RECORDS FOR THE EXERCISE »
##########
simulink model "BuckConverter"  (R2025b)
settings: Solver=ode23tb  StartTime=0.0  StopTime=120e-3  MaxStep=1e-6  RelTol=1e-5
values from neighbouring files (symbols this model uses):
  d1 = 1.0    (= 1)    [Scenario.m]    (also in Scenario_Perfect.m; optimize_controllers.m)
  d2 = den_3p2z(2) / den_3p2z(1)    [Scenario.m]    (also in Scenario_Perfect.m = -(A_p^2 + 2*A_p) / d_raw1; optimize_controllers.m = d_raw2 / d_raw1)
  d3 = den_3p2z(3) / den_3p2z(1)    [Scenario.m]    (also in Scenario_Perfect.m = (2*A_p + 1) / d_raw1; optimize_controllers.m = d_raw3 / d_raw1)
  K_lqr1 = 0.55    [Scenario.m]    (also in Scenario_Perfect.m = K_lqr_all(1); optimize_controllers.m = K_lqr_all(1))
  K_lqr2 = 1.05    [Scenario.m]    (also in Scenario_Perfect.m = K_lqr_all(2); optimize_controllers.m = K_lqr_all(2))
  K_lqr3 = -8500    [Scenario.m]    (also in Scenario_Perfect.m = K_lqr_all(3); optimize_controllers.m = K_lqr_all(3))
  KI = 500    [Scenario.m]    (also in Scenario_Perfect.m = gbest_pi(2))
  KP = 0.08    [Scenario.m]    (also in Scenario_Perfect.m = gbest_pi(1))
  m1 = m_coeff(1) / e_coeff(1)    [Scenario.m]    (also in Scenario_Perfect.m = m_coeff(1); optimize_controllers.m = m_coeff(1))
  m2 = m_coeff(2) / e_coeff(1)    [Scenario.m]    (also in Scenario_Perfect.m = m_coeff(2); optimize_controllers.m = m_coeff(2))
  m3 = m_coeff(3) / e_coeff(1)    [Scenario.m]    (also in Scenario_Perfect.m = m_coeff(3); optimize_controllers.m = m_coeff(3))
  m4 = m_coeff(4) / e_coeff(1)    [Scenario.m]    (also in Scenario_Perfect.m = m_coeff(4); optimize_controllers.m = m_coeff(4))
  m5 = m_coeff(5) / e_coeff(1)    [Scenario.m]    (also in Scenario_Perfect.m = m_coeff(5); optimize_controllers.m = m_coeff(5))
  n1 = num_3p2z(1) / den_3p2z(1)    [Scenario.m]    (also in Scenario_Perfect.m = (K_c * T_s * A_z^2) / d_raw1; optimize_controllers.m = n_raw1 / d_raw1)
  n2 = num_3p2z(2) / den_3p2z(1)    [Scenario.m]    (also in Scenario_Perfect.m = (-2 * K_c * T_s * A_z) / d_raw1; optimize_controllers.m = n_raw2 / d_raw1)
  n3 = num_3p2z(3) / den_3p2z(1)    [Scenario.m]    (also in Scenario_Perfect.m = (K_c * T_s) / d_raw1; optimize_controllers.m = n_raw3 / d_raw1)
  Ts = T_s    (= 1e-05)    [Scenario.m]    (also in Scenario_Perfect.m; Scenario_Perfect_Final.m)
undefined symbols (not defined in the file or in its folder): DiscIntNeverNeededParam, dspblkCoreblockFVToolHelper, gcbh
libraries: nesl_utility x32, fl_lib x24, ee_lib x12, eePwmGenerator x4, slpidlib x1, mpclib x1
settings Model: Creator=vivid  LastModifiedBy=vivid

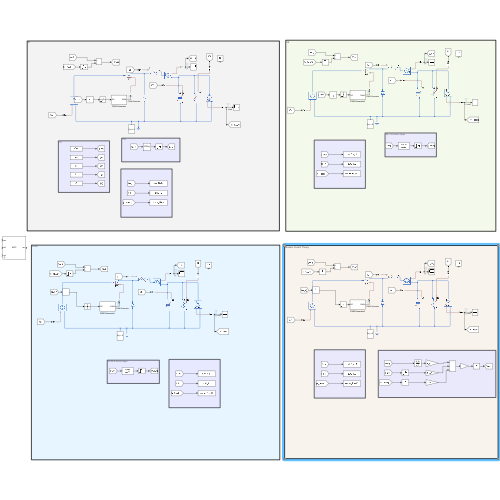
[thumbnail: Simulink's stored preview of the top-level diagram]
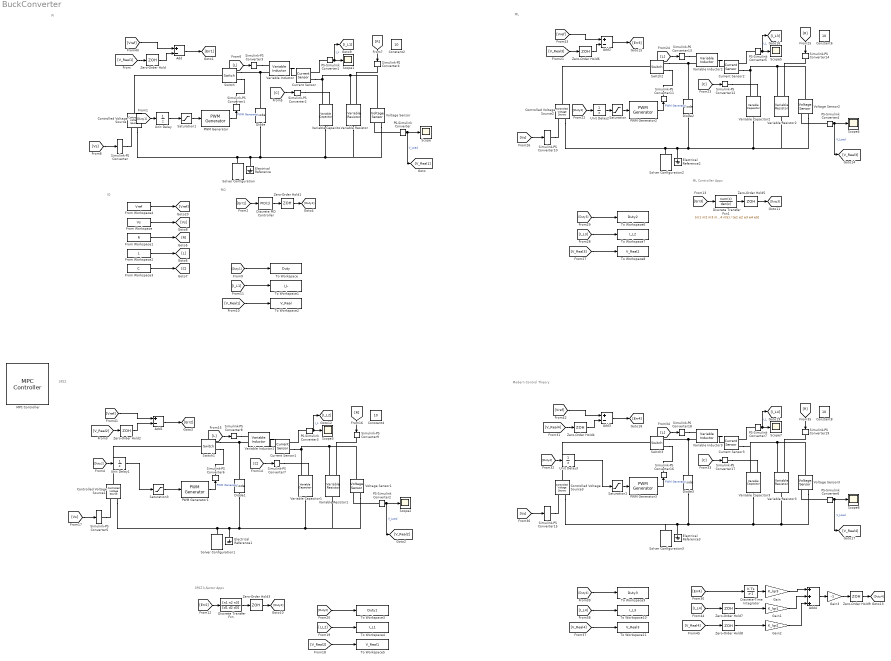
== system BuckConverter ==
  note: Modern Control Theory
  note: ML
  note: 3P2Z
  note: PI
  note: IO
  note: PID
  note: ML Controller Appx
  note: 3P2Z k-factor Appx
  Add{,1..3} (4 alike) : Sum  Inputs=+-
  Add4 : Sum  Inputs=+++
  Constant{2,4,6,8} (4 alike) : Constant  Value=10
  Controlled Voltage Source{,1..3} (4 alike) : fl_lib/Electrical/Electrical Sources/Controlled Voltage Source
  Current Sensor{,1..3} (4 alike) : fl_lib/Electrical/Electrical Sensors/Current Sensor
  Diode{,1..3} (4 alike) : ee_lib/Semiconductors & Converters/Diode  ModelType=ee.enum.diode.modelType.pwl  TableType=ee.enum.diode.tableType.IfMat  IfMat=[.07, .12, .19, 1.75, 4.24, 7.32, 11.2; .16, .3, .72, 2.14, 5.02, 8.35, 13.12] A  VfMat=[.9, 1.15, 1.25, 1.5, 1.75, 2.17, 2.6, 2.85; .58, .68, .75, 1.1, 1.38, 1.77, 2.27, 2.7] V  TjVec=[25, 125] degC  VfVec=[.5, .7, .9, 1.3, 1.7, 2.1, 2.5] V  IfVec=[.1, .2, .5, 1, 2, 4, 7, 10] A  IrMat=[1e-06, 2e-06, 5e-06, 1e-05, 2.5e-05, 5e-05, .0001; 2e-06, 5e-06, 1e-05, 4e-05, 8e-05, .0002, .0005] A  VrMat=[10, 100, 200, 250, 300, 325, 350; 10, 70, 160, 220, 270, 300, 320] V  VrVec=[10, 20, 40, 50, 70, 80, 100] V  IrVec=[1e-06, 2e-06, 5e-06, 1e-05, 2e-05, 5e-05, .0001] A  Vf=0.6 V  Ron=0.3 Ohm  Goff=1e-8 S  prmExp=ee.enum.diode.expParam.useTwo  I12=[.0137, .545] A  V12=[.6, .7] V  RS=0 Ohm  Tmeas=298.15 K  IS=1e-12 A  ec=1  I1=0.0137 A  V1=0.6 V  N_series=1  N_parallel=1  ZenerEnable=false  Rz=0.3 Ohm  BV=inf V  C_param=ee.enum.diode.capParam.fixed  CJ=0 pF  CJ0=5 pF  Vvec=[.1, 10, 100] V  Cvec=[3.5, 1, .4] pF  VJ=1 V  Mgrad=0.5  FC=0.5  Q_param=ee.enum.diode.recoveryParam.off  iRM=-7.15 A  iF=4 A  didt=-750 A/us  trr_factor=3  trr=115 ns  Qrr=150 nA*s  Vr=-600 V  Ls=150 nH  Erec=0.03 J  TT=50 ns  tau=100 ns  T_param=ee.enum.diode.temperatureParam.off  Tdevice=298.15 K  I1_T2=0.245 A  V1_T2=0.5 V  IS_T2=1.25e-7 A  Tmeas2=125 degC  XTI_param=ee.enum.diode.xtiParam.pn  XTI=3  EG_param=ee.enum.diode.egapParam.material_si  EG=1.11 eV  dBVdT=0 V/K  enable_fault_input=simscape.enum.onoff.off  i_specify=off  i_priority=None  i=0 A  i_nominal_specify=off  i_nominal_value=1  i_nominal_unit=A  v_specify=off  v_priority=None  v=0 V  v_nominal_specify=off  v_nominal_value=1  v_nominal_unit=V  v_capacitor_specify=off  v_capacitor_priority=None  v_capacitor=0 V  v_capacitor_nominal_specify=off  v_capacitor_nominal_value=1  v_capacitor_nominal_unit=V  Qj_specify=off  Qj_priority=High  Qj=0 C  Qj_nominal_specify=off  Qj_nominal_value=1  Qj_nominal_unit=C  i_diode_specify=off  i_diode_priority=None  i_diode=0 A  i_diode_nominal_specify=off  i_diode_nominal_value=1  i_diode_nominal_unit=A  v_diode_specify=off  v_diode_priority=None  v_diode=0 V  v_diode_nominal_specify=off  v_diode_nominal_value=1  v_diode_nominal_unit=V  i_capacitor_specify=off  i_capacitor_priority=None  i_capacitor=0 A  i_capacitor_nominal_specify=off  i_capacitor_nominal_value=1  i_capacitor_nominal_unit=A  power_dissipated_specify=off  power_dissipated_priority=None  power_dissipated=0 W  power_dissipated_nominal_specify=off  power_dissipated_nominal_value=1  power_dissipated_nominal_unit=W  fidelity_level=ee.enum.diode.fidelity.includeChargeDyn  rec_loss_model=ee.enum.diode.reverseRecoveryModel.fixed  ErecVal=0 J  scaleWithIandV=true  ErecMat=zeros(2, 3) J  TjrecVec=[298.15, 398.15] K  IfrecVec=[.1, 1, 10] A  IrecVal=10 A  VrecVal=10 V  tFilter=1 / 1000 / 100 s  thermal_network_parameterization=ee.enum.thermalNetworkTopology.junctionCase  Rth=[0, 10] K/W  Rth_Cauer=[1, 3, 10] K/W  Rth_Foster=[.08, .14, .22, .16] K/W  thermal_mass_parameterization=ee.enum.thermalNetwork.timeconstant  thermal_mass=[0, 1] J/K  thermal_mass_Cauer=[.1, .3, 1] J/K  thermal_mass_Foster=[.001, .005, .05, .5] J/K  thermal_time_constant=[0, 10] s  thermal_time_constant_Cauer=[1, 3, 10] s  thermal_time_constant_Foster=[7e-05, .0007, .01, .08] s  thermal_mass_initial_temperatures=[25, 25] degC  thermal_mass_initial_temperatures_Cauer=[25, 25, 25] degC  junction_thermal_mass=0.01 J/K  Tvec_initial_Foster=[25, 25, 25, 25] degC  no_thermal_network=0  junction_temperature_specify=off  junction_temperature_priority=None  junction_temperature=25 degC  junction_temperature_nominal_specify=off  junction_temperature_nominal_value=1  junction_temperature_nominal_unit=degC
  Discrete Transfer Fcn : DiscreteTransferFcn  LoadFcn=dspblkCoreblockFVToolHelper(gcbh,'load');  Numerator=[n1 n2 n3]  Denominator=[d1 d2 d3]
##########
Repeat word for word the lines above that run from the line containing "alike) : Constant" through the line containing "fl_lib/Electrical/Electrical Sensors/Current Sensor", both ends included, and nothing else.

EXERCISE SOLUTION »
  Constant{2,4,6,8} (4 alike) : Constant  Value=10
  Controlled Voltage Source{,1..3} (4 alike) : fl_lib/Electrical/Electrical Sources/Controlled Voltage Source
  Current Sensor{,1..3} (4 alike) : fl_lib/Electrical/Electrical Sensors/Current Sensor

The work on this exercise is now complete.